No. She couldn’t really be there, had no reason at all to be at his game. But the hand in his wasn’t letting go. And he knew that touch. Would never, ever be able to forget her sweetly sinful caresses.

He had to open his eyes and even though it felt like he was trying to break through cement across his eyelids, he worked like hell to get the seal broken so that he could see his Anna.

Sweet Anna.

His reward was the most beautiful girl in the world smiling down at him. She wasn’t crying. She didn’t look scared.

She looked brave.

For him.

She was brave enough to declare her feelings for him in front of the entire stadium and the millions of people watching the game on TV.

He’d taken her love for granted once. He wouldn’t ever do it again.

“I love you, Cole.”

The words he hadn’t heard her say since Saturday morning, words he’d been so desperate for, were like a shot of morphine, instantly taking away the pain.

“Ma’am, we need you to move away.”

But instead of leaving him, she moved closer. She leaned down, the tips of her hair brushing against his face, her breath sweet on his earlobe.

“And I trust you.”

Cole had been hit enough times over the years to know when to try to get up on his own and when to let the medics carry him off the field. But he hadn’t had Anna at his side any of those times.

He hadn’t had her trust, her love, to make him strong.

And now, there was something he needed to do, a reason he needed to get up that had nothing to do with playing football.

Pain came screaming back as he rolled to his side. Arms, hands tried to get him to lie flat, but when he growled at them to leave him the fuck alone, they backed off.

Only Anna remained, her hands giving him the strength he needed to roll to his knees.

Stars blinked in his vision and nausea roiled in his stomach as he pulled himself upright, still on his knees. Anna was right there with him, breathing with him. Apart from his grandmother, he’d never had anyone to lean on.

Until Anna.

She was the strong one, the woman who would be strong enough to give birth to their children, the woman who would be strong enough to forgive him for acting stupid sometimes, the woman who was strong enough to face down an entire stadium of people who probably thought she was crazy for still loving him.

And he would learn from her strength every single day.

She stood in front of him, both of his hands held firmly, lovingly, in hers, and he knew she’d wait patiently for as long as it took him to get to his feet.

But that wasn’t where he was trying to go. Instead, he shifted again so that one of his knees was still on the ground, but his other foot was holding the rest of his weight.

Her eyes went wide as she realized what he was about to do. And then the woman who had been a ray of light for him from the first moment he’d met her threw her head back and laughed.

“Only you would stage something like this, Cole,” she said when she looked back at him, even though they both knew he hadn’t staged anything until now.

He knew what she was doing, knew that she was giving him back his strength, cell by cell, starting with his heart.

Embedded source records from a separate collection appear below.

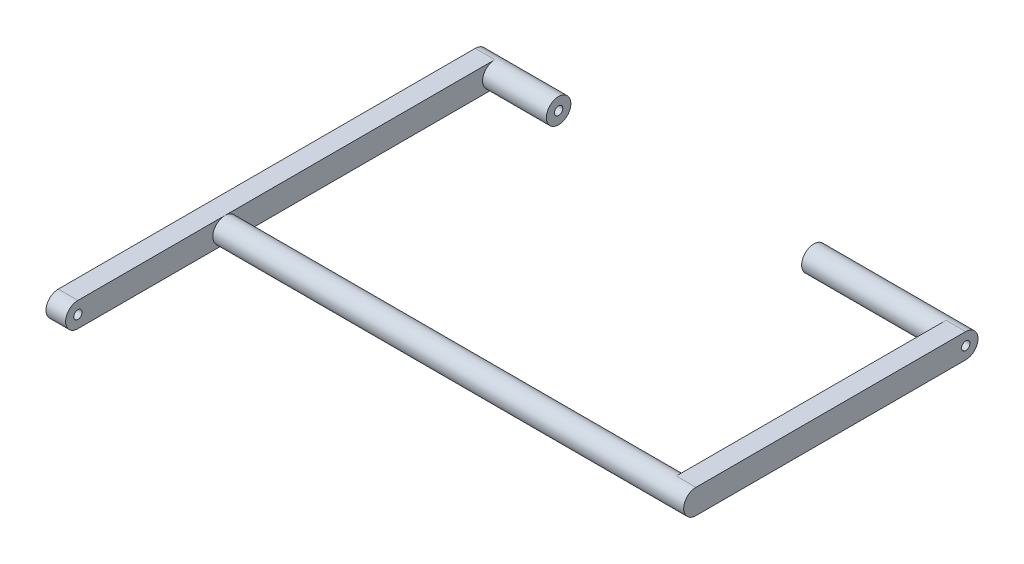
ISO-10303-21;
HEADER;
FILE_DESCRIPTION(('STEP AP214'),'2;1');
FILE_NAME('part.step','',(''),(''),'','','');
FILE_SCHEMA(('AUTOMOTIVE_DESIGN { 1 0 10303 214 1 1 1 1 }'));
ENDSEC;
DATA;
#1=APPLICATION_CONTEXT('core data for automotive mechanical design processes');
#2=APPLICATION_PROTOCOL_DEFINITION('international standard','automotive_design',2000,#1);
#3=PRODUCT_CONTEXT('',#1,'mechanical');
#4=PRODUCT('Part','Part','',(#3));
#5=PRODUCT_RELATED_PRODUCT_CATEGORY('part','',(#4));
#6=PRODUCT_DEFINITION_FORMATION('','',#4);
#7=PRODUCT_DEFINITION_CONTEXT('part definition',#1,'design');
#8=PRODUCT_DEFINITION('design','',#6,#7);
#9=PRODUCT_DEFINITION_SHAPE('','',#8);
#10=(LENGTH_UNIT() NAMED_UNIT(*) SI_UNIT(.MILLI.,.METRE.));
#11=(NAMED_UNIT(*) PLANE_ANGLE_UNIT() SI_UNIT($,.RADIAN.));
#12=(NAMED_UNIT(*) SI_UNIT($,.STERADIAN.) SOLID_ANGLE_UNIT());
#13=UNCERTAINTY_MEASURE_WITH_UNIT(LENGTH_MEASURE(1.E-05),#10,'distance_accuracy_value','');
#14=(GEOMETRIC_REPRESENTATION_CONTEXT(3) GLOBAL_UNCERTAINTY_ASSIGNED_CONTEXT((#13)) GLOBAL_UNIT_ASSIGNED_CONTEXT((#10,
#11,#12)) REPRESENTATION_CONTEXT('',''));
#15=CARTESIAN_POINT('',(0.,0.,0.));
#16=DIRECTION('',(0.,0.,1.));
#17=DIRECTION('',(1.,0.,0.));
#18=AXIS2_PLACEMENT_3D('',#15,#16,#17);
#19=CARTESIAN_POINT('',(4.,0.,27.5));
#20=DIRECTION('',(-1.,0.,0.));
#21=DIRECTION('',(0.,0.,1.));
#22=AXIS2_PLACEMENT_3D('',#19,#20,#21);
#23=CYLINDRICAL_SURFACE('',#22,2.5);
#24=DIRECTION('',(-1.,0.,0.));
#25=VECTOR('',#24,1.);
#26=CARTESIAN_POINT('',(4.,2.5,27.5));
#27=LINE('',#26,#25);
#28=CARTESIAN_POINT('',(4.,2.5,27.5));
#29=VERTEX_POINT('',#28);
#30=CARTESIAN_POINT('',(0.,2.5,27.5));
#31=VERTEX_POINT('',#30);
#32=EDGE_CURVE('E97',#29,#31,#27,.T.);
#33=ORIENTED_EDGE('',*,*,#32,.T.);
#34=CARTESIAN_POINT('',(0.,0.,27.5));
#35=DIRECTION('',(-1.,0.,0.));
#36=DIRECTION('',(0.,0.,1.));
#37=AXIS2_PLACEMENT_3D('',#34,#35,#36);
#38=CIRCLE('',#37,2.5);
#39=CARTESIAN_POINT('',(0.,-2.5,27.5));
#40=VERTEX_POINT('',#39);
#41=EDGE_CURVE('E173',#31,#40,#38,.T.);
#42=ORIENTED_EDGE('',*,*,#41,.T.);
#43=DIRECTION('',(-1.,0.,0.));
#44=VECTOR('',#43,1.);
#45=CARTESIAN_POINT('',(4.,-2.5,27.5));
#46=LINE('',#45,#44);
#47=CARTESIAN_POINT('',(4.,-2.5,27.5));
#48=VERTEX_POINT('',#47);
#49=EDGE_CURVE('E41',#48,#40,#46,.T.);
#50=ORIENTED_EDGE('',*,*,#49,.F.);
#51=CARTESIAN_POINT('',(4.,0.,27.5));
#52=DIRECTION('',(1.,0.,0.));
#53=DIRECTION('',(0.,0.,-1.));
#54=AXIS2_PLACEMENT_3D('',#51,#52,#53);
#55=CIRCLE('',#54,2.5);
#56=EDGE_CURVE('E83',#29,#48,#55,.T.);
#57=ORIENTED_EDGE('',*,*,#56,.F.);
#58=EDGE_LOOP('',(#33,#42,#50,#57));
#59=FACE_BOUND('',#58,.T.);
#60=CARTESIAN_POINT('',(-92.,0.,27.5));
#61=DIRECTION('',(-1.,0.,0.));
#62=DIRECTION('',(0.,0.,1.));
#63=AXIS2_PLACEMENT_3D('',#60,#61,#62);
#64=CIRCLE('',#63,2.5);
#65=CARTESIAN_POINT('',(-92.,2.5,27.5));
#66=VERTEX_POINT('',#65);
#67=CARTESIAN_POINT('',(-92.,-2.5,27.5));
#68=VERTEX_POINT('',#67);
#69=EDGE_CURVE('E174',#66,#68,#64,.T.);
#70=ORIENTED_EDGE('',*,*,#69,.F.);
#71=CARTESIAN_POINT('',(-92.,0.,27.5));
#72=DIRECTION('',(1.,0.,0.));
#73=DIRECTION('',(0.,0.,-1.));
#74=AXIS2_PLACEMENT_3D('',#71,#72,#73);
#75=CIRCLE('',#74,2.5);
#76=EDGE_CURVE('E141',#66,#68,#75,.T.);
#77=ORIENTED_EDGE('',*,*,#76,.T.);
#78=EDGE_LOOP('',(#70,#77));
#79=FACE_BOUND('',#78,.T.);
#80=ADVANCED_FACE('F32',(#59,#79),#23,.T.);
#81=CARTESIAN_POINT('',(4.,-2.5,27.5));
#82=DIRECTION('',(0.,1.,0.));
#83=DIRECTION('',(0.,0.,1.));
#84=AXIS2_PLACEMENT_3D('',#81,#82,#83);
#85=PLANE('',#84);
#86=DIRECTION('',(0.,0.,-1.));
#87=VECTOR('',#86,1.);
#88=CARTESIAN_POINT('',(0.,-2.5,27.5));
#89=LINE('',#88,#87);
#90=CARTESIAN_POINT('',(0.,-2.49999999999999,-27.5));
#91=VERTEX_POINT('',#90);
#92=EDGE_CURVE('E90',#40,#91,#89,.T.);
#93=ORIENTED_EDGE('',*,*,#92,.T.);
#94=DIRECTION('',(-1.,0.,0.));
#95=VECTOR('',#94,1.);
#96=CARTESIAN_POINT('',(4.,-2.49999999999999,-27.5));
#97=LINE('',#96,#95);
#98=CARTESIAN_POINT('',(4.,-2.49999999999999,-27.5));
#99=VERTEX_POINT('',#98);
#100=EDGE_CURVE('E88',#99,#91,#97,.T.);
#101=ORIENTED_EDGE('',*,*,#100,.F.);
#102=DIRECTION('',(0.,0.,-1.));
#103=VECTOR('',#102,1.);
#104=CARTESIAN_POINT('',(4.,-2.5,27.5));
#105=LINE('',#104,#103);
#106=EDGE_CURVE('E76',#48,#99,#105,.T.);
#107=ORIENTED_EDGE('',*,*,#106,.F.);
#108=ORIENTED_EDGE('',*,*,#49,.T.);
#109=EDGE_LOOP('',(#93,#101,#107,#108));
#110=FACE_BOUND('',#109,.T.);
#111=ADVANCED_FACE('F89',(#110),#85,.F.);
#112=CARTESIAN_POINT('',(4.,0.,-27.5));
#113=DIRECTION('',(-1.,0.,0.));
#114=DIRECTION('',(0.,0.,1.));
#115=AXIS2_PLACEMENT_3D('',#112,#113,#114);
#116=CYLINDRICAL_SURFACE('',#115,2.5);
#117=ORIENTED_EDGE('',*,*,#100,.T.);
#118=CARTESIAN_POINT('',(0.,0.,-27.5));
#119=DIRECTION('',(-1.,0.,0.));
#120=DIRECTION('',(0.,0.,1.));
#121=AXIS2_PLACEMENT_3D('',#118,#119,#120);
#122=CIRCLE('',#121,2.5);
#123=CARTESIAN_POINT('',(0.,2.50000000000001,-27.5));
#124=VERTEX_POINT('',#123);
#125=EDGE_CURVE('E11',#91,#124,#122,.T.);
#126=ORIENTED_EDGE('',*,*,#125,.T.);
#127=DIRECTION('',(-1.,0.,0.));
#128=VECTOR('',#127,1.);
#129=CARTESIAN_POINT('',(4.,2.50000000000001,-27.5));
#130=LINE('',#129,#128);
#131=CARTESIAN_POINT('',(4.,2.50000000000001,-27.5));
#132=VERTEX_POINT('',#131);
#133=EDGE_CURVE('E92',#132,#124,#130,.T.);
#134=ORIENTED_EDGE('',*,*,#133,.F.);
#135=CARTESIAN_POINT('',(4.,0.,-27.5));
#136=DIRECTION('',(1.,0.,0.));
#137=DIRECTION('',(0.,0.,-1.));
#138=AXIS2_PLACEMENT_3D('',#135,#136,#137);
#139=CIRCLE('',#138,2.5);
#140=EDGE_CURVE('E80',#99,#132,#139,.T.);
#141=ORIENTED_EDGE('',*,*,#140,.F.);
#142=EDGE_LOOP('',(#117,#126,#134,#141));
#143=FACE_BOUND('',#142,.T.);
#144=CARTESIAN_POINT('',(-26.96,0.,-27.5));
#145=DIRECTION('',(-1.,0.,0.));
#146=DIRECTION('',(0.,0.,1.));
#147=AXIS2_PLACEMENT_3D('',#144,#145,#146);
#148=CIRCLE('',#147,2.5);
#149=CARTESIAN_POINT('',(-26.96,0.,-25.));
#150=VERTEX_POINT('',#149);
#151=EDGE_CURVE('E102',#150,#150,#148,.T.);
#152=ORIENTED_EDGE('',*,*,#151,.F.);
#153=EDGE_LOOP('',(#152));
#154=FACE_BOUND('',#153,.T.);
#155=ADVANCED_FACE('F94',(#143,#154),#116,.T.);
#156=CARTESIAN_POINT('',(4.,2.5,27.5));
#157=DIRECTION('',(0.,-1.,0.));
#158=DIRECTION('',(0.,0.,-1.));
#159=AXIS2_PLACEMENT_3D('',#156,#157,#158);
#160=PLANE('',#159);
#161=DIRECTION('',(0.,0.,1.));
#162=VECTOR('',#161,1.);
#163=CARTESIAN_POINT('',(0.,2.5,27.5));
#164=LINE('',#163,#162);
#165=EDGE_CURVE('E67',#124,#31,#164,.T.);
#166=ORIENTED_EDGE('',*,*,#165,.T.);
#167=ORIENTED_EDGE('',*,*,#32,.F.);
#168=DIRECTION('',(0.,0.,1.));
#169=VECTOR('',#168,1.);
#170=CARTESIAN_POINT('',(4.,2.5,27.5));
#171=LINE('',#170,#169);
#172=EDGE_CURVE('E50',#132,#29,#171,.T.);
#173=ORIENTED_EDGE('',*,*,#172,.F.);
#174=ORIENTED_EDGE('',*,*,#133,.T.);
#175=EDGE_LOOP('',(#166,#167,#173,#174));
#176=FACE_BOUND('',#175,.T.);
#177=ADVANCED_FACE('F184',(#176),#160,.F.);
#178=CARTESIAN_POINT('',(4.,0.,27.5));
#179=DIRECTION('',(1.,0.,0.));
#180=DIRECTION('',(0.,0.,-1.));
#181=AXIS2_PLACEMENT_3D('',#178,#179,#180);
#182=PLANE('',#181);
#183=CARTESIAN_POINT('',(4.,0.,-27.5));
#184=DIRECTION('',(-1.,0.,0.));
#185=DIRECTION('',(0.,0.,1.));
#186=AXIS2_PLACEMENT_3D('',#183,#184,#185);
#187=CIRCLE('',#186,0.850000000000007);
#188=CARTESIAN_POINT('',(4.,0.,-26.65));
#189=VERTEX_POINT('',#188);
#190=EDGE_CURVE('E110',#189,#189,#187,.T.);
#191=ORIENTED_EDGE('',*,*,#190,.T.);
#192=EDGE_LOOP('',(#191));
#193=FACE_BOUND('',#192,.T.);
#194=ORIENTED_EDGE('',*,*,#56,.T.);
#195=ORIENTED_EDGE('',*,*,#106,.T.);
#196=ORIENTED_EDGE('',*,*,#140,.T.);
#197=ORIENTED_EDGE('',*,*,#172,.T.);
#198=EDGE_LOOP('',(#194,#195,#196,#197));
#199=FACE_BOUND('',#198,.T.);
#200=ADVANCED_FACE('F78',(#193,#199),#182,.T.);
#201=CARTESIAN_POINT('',(0.,0.,27.5));
#202=DIRECTION('',(1.,0.,0.));
#203=DIRECTION('',(0.,0.,-1.));
#204=AXIS2_PLACEMENT_3D('',#201,#202,#203);
#205=PLANE('',#204);
#206=ORIENTED_EDGE('',*,*,#41,.F.);
#207=ORIENTED_EDGE('',*,*,#165,.F.);
#208=ORIENTED_EDGE('',*,*,#125,.F.);
#209=ORIENTED_EDGE('',*,*,#92,.F.);
#210=EDGE_LOOP('',(#206,#207,#208,#209));
#211=FACE_BOUND('',#210,.T.);
#212=ADVANCED_FACE('F272',(#211),#205,.F.);
#213=CARTESIAN_POINT('',(-26.96,0.,-27.5));
#214=DIRECTION('',(-1.,0.,0.));
#215=DIRECTION('',(0.,0.,1.));
#216=AXIS2_PLACEMENT_3D('',#213,#214,#215);
#217=PLANE('',#216);
#218=CARTESIAN_POINT('',(-26.96,0.,-27.5));
#219=DIRECTION('',(-1.,0.,0.));
#220=DIRECTION('',(0.,0.,1.));
#221=AXIS2_PLACEMENT_3D('',#218,#219,#220);
#222=CIRCLE('',#221,0.850000000000007);
#223=CARTESIAN_POINT('',(-26.96,0.,-26.65));
#224=VERTEX_POINT('',#223);
#225=EDGE_CURVE('E109',#224,#224,#222,.T.);
#226=ORIENTED_EDGE('',*,*,#225,.F.);
#227=EDGE_LOOP('',(#226));
#228=FACE_BOUND('',#227,.T.);
#229=ORIENTED_EDGE('',*,*,#151,.T.);
#230=EDGE_LOOP('',(#229));
#231=FACE_BOUND('',#230,.T.);
#232=ADVANCED_FACE('F182',(#228,#231),#217,.T.);
#233=CARTESIAN_POINT('',(-92.,0.,27.5));
#234=DIRECTION('',(-1.,0.,0.));
#235=DIRECTION('',(0.,0.,1.));
#236=AXIS2_PLACEMENT_3D('',#233,#234,#235);
#237=PLANE('',#236);
#238=CARTESIAN_POINT('',(-92.,0.,-27.5));
#239=DIRECTION('',(1.,0.,0.));
#240=DIRECTION('',(0.,0.,-1.));
#241=AXIS2_PLACEMENT_3D('',#238,#239,#240);
#242=CIRCLE('',#241,2.50000000000001);
#243=CARTESIAN_POINT('',(-92.,2.50000000000002,-27.5));
#244=VERTEX_POINT('',#243);
#245=CARTESIAN_POINT('',(-92.,-2.50000000000001,-27.5));
#246=VERTEX_POINT('',#245);
#247=EDGE_CURVE('E146',#244,#246,#242,.T.);
#248=ORIENTED_EDGE('',*,*,#247,.F.);
#249=DIRECTION('',(0.,0.,-1.));
#250=VECTOR('',#249,1.);
#251=CARTESIAN_POINT('',(-92.,2.5,27.5));
#252=LINE('',#251,#250);
#253=EDGE_CURVE('E150',#66,#244,#252,.T.);
#254=ORIENTED_EDGE('',*,*,#253,.F.);
#255=ORIENTED_EDGE('',*,*,#69,.T.);
#256=DIRECTION('',(0.,0.,1.));
#257=VECTOR('',#256,1.);
#258=CARTESIAN_POINT('',(-92.,-2.5,27.5));
#259=LINE('',#258,#257);
#260=EDGE_CURVE('E157',#246,#68,#259,.T.);
#261=ORIENTED_EDGE('',*,*,#260,.F.);
#262=EDGE_LOOP('',(#248,#254,#255,#261));
#263=FACE_BOUND('',#262,.T.);
#264=ADVANCED_FACE('F208',(#263),#237,.F.);
#265=CARTESIAN_POINT('',(-96.,2.5,27.5));
#266=DIRECTION('',(0.,-1.,0.));
#267=DIRECTION('',(0.,0.,-1.));
#268=AXIS2_PLACEMENT_3D('',#265,#266,#267);
#269=PLANE('',#268);
#270=ORIENTED_EDGE('',*,*,#253,.T.);
#271=DIRECTION('',(1.,0.,0.));
#272=VECTOR('',#271,1.);
#273=CARTESIAN_POINT('',(-96.,2.50000000000001,-27.5));
#274=LINE('',#273,#272);
#275=CARTESIAN_POINT('',(-96.,2.50000000000001,-27.5));
#276=VERTEX_POINT('',#275);
#277=EDGE_CURVE('E170',#276,#244,#274,.T.);
#278=ORIENTED_EDGE('',*,*,#277,.F.);
#279=DIRECTION('',(0.,0.,-1.));
#280=VECTOR('',#279,1.);
#281=CARTESIAN_POINT('',(-96.,2.5,27.5));
#282=LINE('',#281,#280);
#283=CARTESIAN_POINT('',(-96.,2.5,57.5));
#284=VERTEX_POINT('',#283);
#285=EDGE_CURVE('E153',#284,#276,#282,.T.);
#286=ORIENTED_EDGE('',*,*,#285,.F.);
#287=DIRECTION('',(1.,0.,0.));
#288=VECTOR('',#287,1.);
#289=CARTESIAN_POINT('',(-131.355339059327,2.5,57.5));
#290=LINE('',#289,#288);
#291=CARTESIAN_POINT('',(-92.,2.5,57.5));
#292=VERTEX_POINT('',#291);
#293=EDGE_CURVE('E129',#284,#292,#290,.T.);
#294=ORIENTED_EDGE('',*,*,#293,.T.);
#295=DIRECTION('',(0.,0.,1.));
#296=VECTOR('',#295,1.);
#297=CARTESIAN_POINT('',(-92.,2.5,27.5));
#298=LINE('',#297,#296);
#299=EDGE_CURVE('E114',#66,#292,#298,.T.);
#300=ORIENTED_EDGE('',*,*,#299,.F.);
#301=EDGE_LOOP('',(#270,#278,#286,#294,#300));
#302=FACE_BOUND('',#301,.T.);
#303=ADVANCED_FACE('F216',(#302),#269,.F.);
#304=CARTESIAN_POINT('',(-96.,0.,-27.5));
#305=DIRECTION('',(1.,0.,0.));
#306=DIRECTION('',(0.,0.,-1.));
#307=AXIS2_PLACEMENT_3D('',#304,#305,#306);
#308=CYLINDRICAL_SURFACE('',#307,2.5);
#309=ORIENTED_EDGE('',*,*,#277,.T.);
#310=ORIENTED_EDGE('',*,*,#247,.T.);
#311=DIRECTION('',(1.,0.,0.));
#312=VECTOR('',#311,1.);
#313=CARTESIAN_POINT('',(-96.,-2.50000000000001,-27.5));
#314=LINE('',#313,#312);
#315=CARTESIAN_POINT('',(-96.,-2.50000000000001,-27.5));
#316=VERTEX_POINT('',#315);
#317=EDGE_CURVE('E163',#316,#246,#314,.T.);
#318=ORIENTED_EDGE('',*,*,#317,.F.);
#319=CARTESIAN_POINT('',(-96.,0.,-27.5));
#320=DIRECTION('',(-1.,0.,0.));
#321=DIRECTION('',(0.,0.,1.));
#322=AXIS2_PLACEMENT_3D('',#319,#320,#321);
#323=CIRCLE('',#322,2.5);
#324=EDGE_CURVE('E156',#276,#316,#323,.T.);
#325=ORIENTED_EDGE('',*,*,#324,.F.);
#326=EDGE_LOOP('',(#309,#310,#318,#325));
#327=FACE_BOUND('',#326,.T.);
#328=CARTESIAN_POINT('',(-79.,0.,-27.5));
#329=DIRECTION('',(1.,0.,0.));
#330=DIRECTION('',(0.,0.,-1.));
#331=AXIS2_PLACEMENT_3D('',#328,#329,#330);
#332=CIRCLE('',#331,2.50000000000001);
#333=CARTESIAN_POINT('',(-79.,0.,-30.));
#334=VERTEX_POINT('',#333);
#335=EDGE_CURVE('E147',#334,#334,#332,.T.);
#336=ORIENTED_EDGE('',*,*,#335,.F.);
#337=EDGE_LOOP('',(#336));
#338=FACE_BOUND('',#337,.T.);
#339=ADVANCED_FACE('F244',(#327,#338),#308,.T.);
#340=CARTESIAN_POINT('',(-96.,-2.5,27.5));
#341=DIRECTION('',(0.,1.,0.));
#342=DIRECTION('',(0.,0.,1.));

He looked up, saw the screens all around the stadium were holding tight on him and Anna, the crowd of medics and trainers and coaches moving away from them. Eighty thousand people held their collective breath.

“I love you, Anna.” Each word cost him sweat as pain blistered through his ribs. “I’ve loved you from the first second I saw you. My sweet girl with the halo.”

One tear fell down her cheek, and then another on the opposite side.

“Will you make me the happiest man alive, sweetheart, and marry me all over again? For real this time.”

He knew no one could hear them, although he suspected there was quite a bit of lip-reading going on. Just like everyone else, he held his breath waiting for her answer.

He didn’t deserve a yes, but damn it, he wanted it anyway. And if—when—it came, he was going to grab hold of Anna’s love and never, ever make the mistake of letting it go again.

Only, her lips didn’t move into a yes. “No.” She shook her head. “I won’t marry you all over again.”

He didn’t know how he stayed upright, how he managed to remain conscious. But then she dropped to her knees in front of him.

“Our marriage was always real. Right from the start, right from that first kiss, I knew I loved you. And that I would spend the rest of my life with you.”